If we set loglevel to INFO, we get exactly the same as before. But now that we’ve set it to DEBUG, we actually get some additional logging from within Akka .NET:

akkanetlogging-debugoutput

Note: the screenshot actually contradicts what I was saying earlier about the StandardOutLogger. It actually seems to be replacing StandardOutLogger with this DefaultLogger. Presumably DefaultLogger uses StandardOutLogger underneath.

Automatic Logging

Akka .NET provides certain logging mechanisms out of the box. One of these is logging received messages (so we don’t even need to do that in code). You can turn on these mechanisms in the HOCON configuration as follows:

  <akka>
    <hocon>
      <![CDATA[
        akka
        {
          loglevel = DEBUG
          
          actor
          {
            debug
            {
              receive = on      # log any received message
              autoreceive = on  # log automatically received messages, e.g. PoisonPill
              lifecycle = on    # log actor lifecycle changes
              event-stream = on # log subscription changes for Akka.NET event stream
              unhandled = on    # log unhandled messages sent to actors
            }
          }
        }
      ]]>
    </hocon>
  </akka>

Now, to actually log received messages, you also need to make your actor implement the empty ILogReceive interface as per this StackOverflow question:

    public class LoggingActor : ReceiveActor, ILogReceive

If you run the application now, you’ll see that a lot more messages are being logged, including another entry for the “Hello!” message:

akkanetlogging-automaticlogging

Tip: ideally make sure the loglevel HOCON setting and the node under actor in HOCON (in this case debug) are in sync. If you set loglevel to INFO now, all the automatic logging will stop writing.

Integrating NLog

The logging adapter is particularly useful because you can swap out logging frameworks without having to touch the code. We are currently using the StandardOutLogger (or DefaultLogger?), but with some simple configuration, we can use NLog or some other provider instead.

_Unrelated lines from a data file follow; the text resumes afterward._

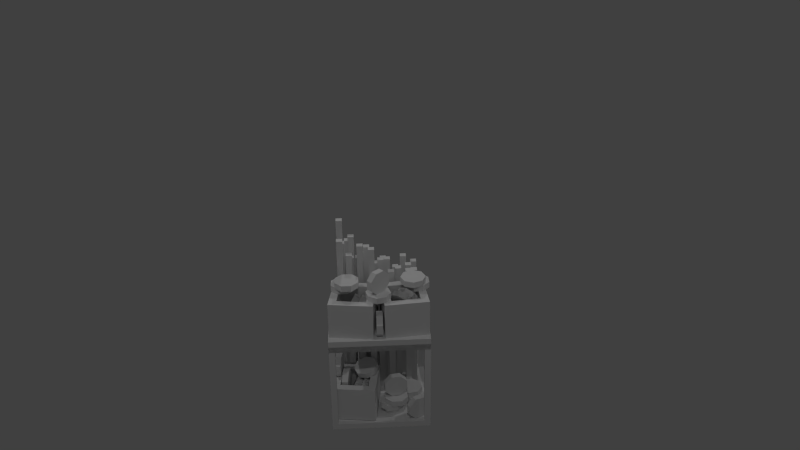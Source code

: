 # Source: shopping_bancada_papyrus.blend  (saved by Blender 2.76.0; exported with 4.5.12 LTS)
import bpy
from mathutils import Matrix  # noqa: F401  (used for matrix-valued properties, if any)

bpy.ops.wm.read_factory_settings(use_empty=True)
scene = bpy.context.scene
scene.name = 'Scene'

# ---- collections
col_collection_1 = bpy.data.collections.new('Collection 1'); scene.collection.children.link(col_collection_1)

# ---- world
world_world = bpy.data.worlds.new('World'); scene.world = world_world
world_world.color = (0.05088, 0.05088, 0.05088)
world_world.use_sun_shadow = False
world_world.sun_shadow_jitter_overblur = 0.0
world_world.cycles.sampling_method = 'MANUAL'
world_world.cycles.sample_map_resolution = 256

# ---- cameras
cam_camera = bpy.data.cameras.new('Camera')
cam_camera.clip_end = 100.0
cam_camera.lens = 35.0
cam_camera.sensor_width = 32.0
cam_camera.sensor_height = 18.0
cam_camera.ortho_scale = 7.314
cam_camera.dof.focus_distance = 0.0
cam_camera.dof.aperture_fstop = 128.0

# ---- lights
light_lamp_003 = bpy.data.lights.new('Lamp.003', 'POINT')
light_lamp_003.transmission_factor = 0.0
light_lamp_003.cutoff_distance = 30.0
light_lamp_003.energy = 100.0
light_lamp_003.shadow_buffer_clip_start = 1.001
light_lamp_003.shadow_soft_size = 0.1
light_lamp_003.shadow_maximum_resolution = 0.006
light_lamp_003.use_absolute_resolution = True
light_lamp_003.cycles.use_multiple_importance_sampling = False
light_lamp_002 = bpy.data.lights.new('Lamp.002', 'POINT')
light_lamp_002.transmission_factor = 0.0
light_lamp_002.cutoff_distance = 30.0
light_lamp_002.energy = 100.0
light_lamp_002.shadow_buffer_clip_start = 1.001
light_lamp_002.shadow_soft_size = 0.1
light_lamp_002.shadow_maximum_resolution = 0.006
light_lamp_002.use_absolute_resolution = True
light_lamp_002.cycles.use_multiple_importance_sampling = False
light_lamp_001 = bpy.data.lights.new('Lamp.001', 'POINT')
light_lamp_001.transmission_factor = 0.0
light_lamp_001.cutoff_distance = 30.0
light_lamp_001.energy = 100.0
light_lamp_001.shadow_buffer_clip_start = 1.001
light_lamp_001.shadow_soft_size = 0.1
light_lamp_001.shadow_maximum_resolution = 0.006
light_lamp_001.use_absolute_resolution = True
light_lamp_001.cycles.use_multiple_importance_sampling = False
light_lamp = bpy.data.lights.new('Lamp', 'POINT')
light_lamp.transmission_factor = 0.0
light_lamp.cutoff_distance = 30.0
light_lamp.energy = 100.0
light_lamp.shadow_buffer_clip_start = 1.001
light_lamp.shadow_soft_size = 0.1
light_lamp.shadow_maximum_resolution = 0.006
light_lamp.use_absolute_resolution = True
light_lamp.cycles.use_multiple_importance_sampling = False

# ---- meshes
me_cubo = bpy.data.meshes.new('Cubo')
me_cubo.from_pydata([(0.2463, -0.1303, 0.6756), (0.2463, -0.1303, 0.7381), (0.3347, -0.1669, 0.6756), (0.3347, -0.1669, 0.7381), (0.3713, -0.2553, 0.6756), (0.3713, -0.2553, 0.7381), (0.3347, -0.3437, 0.6756), (0.3347, -0.3437, 0.7381), (0.2463, -0.3803, 0.6756), (0.2463, -0.3803, 0.7381), (0.1579, -0.3437, 0.6756), (0.1579, -0.3437, 0.7381), (0.1213, -0.2553, 0.6756), (0.1213, -0.2553, 0.7381), (0.1579, -0.1669, 0.6756), (0.1579, -0.1669, 0.7381), (0.2463, -0.1303, 0.6756), (0.2463, -0.1303, 0.7381), (0.3347, -0.1669, 0.6756), (0.3347, -0.1669, 0.7381), (0.3713, -0.2553, 0.6756), (0.3713, -0.2553, 0.7381), (0.3347, -0.3437, 0.6756), (0.3347, -0.3437, 0.7381), (0.2463, -0.3803, 0.6756), (0.2463, -0.3803, 0.7381), (0.1579, -0.3437, 0.6756), (0.1579, -0.3437, 0.7381), (0.1213, -0.2553, 0.6756), (0.1213, -0.2553, 0.7381), (0.1579, -0.1669, 0.6756), (0.1579, -0.1669, 0.7381), (0.438, 0.438, -0.4375), (0.438, 0.438, 0.438), (0.438, 0.5, -0.4375), (0.438, 0.5, 0.438), (0.5, 0.438, -0.4375), (0.5, 0.438, 0.438), (0.5, 0.5, -0.4375), (0.5, 0.5, 0.438), (0.438, -0.5, -0.4375), (0.438, -0.5, 0.438), (0.438, -0.438, -0.4375), (0.438, -0.438, 0.438), (0.5, -0.5, -0.4375), (0.5, -0.5, 0.438), (0.5, -0.438, -0.4375), (0.5, -0.438, 0.438), (-0.5, -0.5, -0.4375), (-0.5, -0.5, 0.438), (-0.5, -0.438, -0.4375), (-0.5, -0.438, 0.438), (-0.438, -0.5, -0.4375), (-0.438, -0.5, 0.438), (-0.438, -0.438, -0.4375), (-0.438, -0.438, 0.438), (-0.5, 0.438, -0.4375), (-0.5, 0.438, 0.438), (-0.5, 0.5, -0.4375), (-0.5, 0.5, 0.438), (-0.438, 0.438, -0.4375), (-0.438, 0.438, 0.438), (-0.438, 0.5, -0.4375), (-0.438, 0.5, 0.438), (-0.5, -0.5, -0.5), (-0.5, -0.5, -0.4375), (-0.5, 0.5, -0.5), (-0.5, 0.5, -0.4375), (0.5, -0.5, -0.5), (0.5, -0.5, -0.4375), (0.5, 0.5, -0.5), (0.5, 0.5, -0.4375), (-0.438, 0.438, 0.5), (-0.438, 0.438, 0.438), (-0.438, -0.438, 0.5), (-0.438, -0.438, 0.438), (-0.5, 0.438, 0.5), (-0.5, 0.438, 0.438), (-0.5, -0.438, 0.5), (-0.5, -0.438, 0.438), (0.5, 0.438, 0.5), (0.5, 0.438, 0.438), (0.5, -0.438, 0.5), (0.5, -0.438, 0.438), (0.438, 0.438, 0.5), (0.438, 0.438, 0.438), (0.438, -0.438, 0.5), (0.438, -0.438, 0.438), (-0.5, 0.438, 0.438), (-0.5, 0.438, 0.5), (-0.5, 0.5, 0.438), (-0.5, 0.5, 0.5), (0.5, 0.438, 0.438), (0.5, 0.438, 0.5), (0.5, 0.5, 0.438), (0.5, 0.5, 0.5), (-0.5, -0.5, 0.438), (-0.5, -0.5, 0.5), (-0.5, -0.438, 0.438), (-0.5, -0.438, 0.5), (0.5, -0.5, 0.438), (0.5, -0.5, 0.5), (0.5, -0.438, 0.438), (0.5, -0.438, 0.5), (-0.2252, 0.2863, 1.329), (-0.2252, 0.2863, -0.4375), (-0.2252, 0.2243, 1.329), (-0.2252, 0.2243, -0.4375), (-0.2872, 0.2863, 1.329), (-0.2872, 0.2863, -0.4375), (-0.2872, 0.2243, 1.329), (-0.2872, 0.2243, -0.4375), (-0.3277, 0.3369, -0.4375), (-0.3277, 0.3369, 1.228), (-0.3277, 0.3989, -0.4375), (-0.3277, 0.3989, 1.228), (-0.2657, 0.3369, -0.4375), (-0.2657, 0.3369, 1.228), (-0.2657, 0.3989, -0.4375), (-0.2657, 0.3989, 1.228), (-0.1553, 0.4079, 1.023), (-0.1553, 0.4079, -0.4375), (-0.1553, 0.3459, 1.023), (-0.1553, 0.3459, -0.4375), (-0.2173, 0.4079, 1.023), (-0.2173, 0.4079, -0.4375), (-0.2173, 0.3459, 1.023), (-0.2173, 0.3459, -0.4375), (-0.3378, 0.311, 1.5), (-0.3378, 0.311, -0.4375), (-0.3378, 0.249, 1.5), (-0.3378, 0.249, -0.4375), (-0.3998, 0.311, 1.5), (-0.3998, 0.311, -0.4375), (-0.3998, 0.249, 1.5), (-0.3998, 0.249, -0.4375), (-0.322, 0.2119, 1.295), (-0.322, 0.2119, -0.4375), (-0.322, 0.1499, 1.295), (-0.322, 0.1499, -0.4375), (-0.384, 0.2119, 1.295), (-0.384, 0.2119, -0.4375), (-0.384, 0.1499, 1.295), (-0.384, 0.1499, -0.4375), (-0.2297, 0.1646, 1.154), (-0.2297, 0.1646, -0.4375), (-0.2297, 0.1026, 1.154), (-0.2297, 0.1026, -0.4375), (-0.2917, 0.1646, 1.154), (-0.2917, 0.1646, -0.4375), (-0.2917, 0.1026, 1.154), (-0.2917, 0.1026, -0.4375), (-0.1125, 0.3088, 1.124), (-0.1125, 0.3088, -0.4375), (-0.1125, 0.2468, 1.124), (-0.1125, 0.2468, -0.4375), (-0.1745, 0.3088, 1.124), (-0.1745, 0.3088, -0.4375), (-0.1745, 0.2468, 1.124), (-0.1745, 0.2468, -0.4375), (-0.3356, 0.09927, 1.377), (-0.3356, 0.09927, -0.4375), (-0.3356, 0.03727, 1.377), (-0.3356, 0.03727, -0.4375), (-0.3976, 0.09927, 1.377), (-0.3976, 0.09927, -0.4375), (-0.3976, 0.03727, 1.377), (-0.3976, 0.03727, -0.4375), (-0.2464, 0.08006, 1.228), (-0.2464, 0.08006, -0.4375), (-0.2464, 0.01806, 1.228), (-0.2464, 0.01806, -0.4375), (-0.3084, 0.08006, 1.228), (-0.3084, 0.08006, -0.4375), (-0.3084, 0.01806, 1.228), (-0.3084, 0.01806, -0.4375), (-0.1373, 0.1195, 1.307), (-0.1373, 0.1195, -0.4375), (-0.1373, 0.05755, 1.307), (-0.1373, 0.05755, -0.4375), (-0.1993, 0.1195, 1.307), (-0.1993, 0.1195, -0.4375), (-0.1993, 0.05755, 1.307), (-0.1993, 0.05755, -0.4375), (-0.07198, 0.2052, 1.25), (-0.07198, 0.2052, -0.4375), (-0.07198, 0.1432, 1.25), (-0.07198, 0.1432, -0.4375), (-0.134, 0.2052, 1.25), (-0.134, 0.2052, -0.4375), (-0.134, 0.1432, 1.25), (-0.134, 0.1432, -0.4375), (-0.02692, 0.3696, 1.027), (-0.02692, 0.3696, -0.4375), (-0.02692, 0.3076, 1.027), (-0.02692, 0.3076, -0.4375), (-0.08892, 0.3696, 1.027), (-0.08892, 0.3696, -0.4375), (-0.08892, 0.3076, 1.027), (-0.08892, 0.3076, -0.4375), (0.01588, 0.2795, 1.023), (0.01588, 0.2795, -0.4375), (0.01588, 0.2175, 1.023), (0.01588, 0.2175, -0.4375), (-0.04612, 0.2795, 1.023), (-0.04612, 0.2795, -0.4375), (-0.04612, 0.2175, 1.023), (-0.04612, 0.2175, -0.4375), (-0.02467, 0.08125, 1.284), (-0.02467, 0.08125, -0.4375), (-0.02467, 0.01925, 1.284), (-0.02467, 0.01925, -0.4375), (-0.08667, 0.08125, 1.284), (-0.08667, 0.08125, -0.4375), (-0.08667, 0.01925, 1.284), (-0.08667, 0.01925, -0.4375), (0.0677, 0.1578, 1.124), (0.0677, 0.1578, -0.4375), (0.0677, 0.09584, 1.124), (0.0677, 0.09584, -0.4375), (0.005698, 0.1578, 1.124), (0.005698, 0.1578, -0.4375), (0.005698, 0.09584, 1.124), (0.005698, 0.09584, -0.4375), (0.09698, 0.3786, 1.023), (0.09698, 0.3786, -0.4375), (0.09698, 0.3166, 1.023), (0.09698, 0.3166, -0.4375), (0.03498, 0.3786, 1.023), (0.03498, 0.3786, -0.4375), (0.03498, 0.3166, 1.023), (0.03498, 0.3166, -0.4375), (0.1353, 0.2525, 1.08), (0.1353, 0.2525, -0.4375), (0.1353, 0.1905, 1.08), (0.1353, 0.1905, -0.4375), (0.07328, 0.2525, 1.08), (0.07328, 0.2525, -0.4375), (0.07328, 0.1905, 1.08), (0.07328, 0.1905, -0.4375), (0.1691, 0.08801, 1.023), (0.1691, 0.08801, -0.4375), (0.1691, 0.02601, 1.023), (0.1691, 0.02601, -0.4375), (0.1071, 0.08801, 1.023), (0.1071, 0.08801, -0.4375), (0.1071, 0.02601, 1.023), (0.1071, 0.02601, -0.4375), (0.2231, 0.3516, 0.9309), (0.2231, 0.3516, -0.4375), (0.2231, 0.2896, 0.9309), (0.2231, 0.2896, -0.4375), (0.1611, 0.3516, 0.9309), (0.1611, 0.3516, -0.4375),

The Akka .NET Logging documentation page shows the currently supported logging frameworks. Typically, you install a NuGet package for the framework you want, and set up its own configuration. I’m going to show you how to do this with NLog, but it’s an arbitrary choice, and the steps are similar for other logging frameworks.

1. Install the relevant NuGet package:

Install-Package Akka.Logger.NLog

2. Add an NLog.config to the project and configure it as you like:

<?xml version="1.0" encoding="utf-8" ?>
<nlog xmlns="http://www.nlog-project.org/schemas/NLog.xsd"
      xmlns:xsi="http://www.w3.org/2001/XMLSchema-instance">

  <targets>
    <target name="file" xsi:type="File" fileName="test.log" />
  </targets>
  
  <rules>
    <logger name="*" minlevel="Info" writeTo="file" />
  </rules>
  
</nlog>

3. Right click NLog.config, Properties, then set to Copy always or Copy if newer:

akkanetlogging-copyalways

4. Update your HOCON to use the relevant logger:

  <akka>
    <hocon>
      <![CDATA[
        akka
        {
          loglevel = DEBUG
          loggers = ["Akka.Logger.NLog.NLogLogger, Akka.Logger.NLog"]
          
          actor
          {
            debug
            {
              receive = on      # log any received message
              autoreceive = on  # log automatically received messages, e.g. PoisonPill
              lifecycle = on    # log actor lifecycle changes
              event-stream = on # log subscription changes for Akka.NET event stream
              unhandled = on    # log unhandled messages sent to actors
            }
          }
        }
      ]]>
    </hocon>
  </akka>

Let’s run it now:

akkanetlogging-nlogoutput

You can see that the console output is now limited to what we’re writing in Main(), while the rest has gone into a file called test.log. Since our minlevel is Info, we’re not getting the automatic logging which is configured for the debug log level.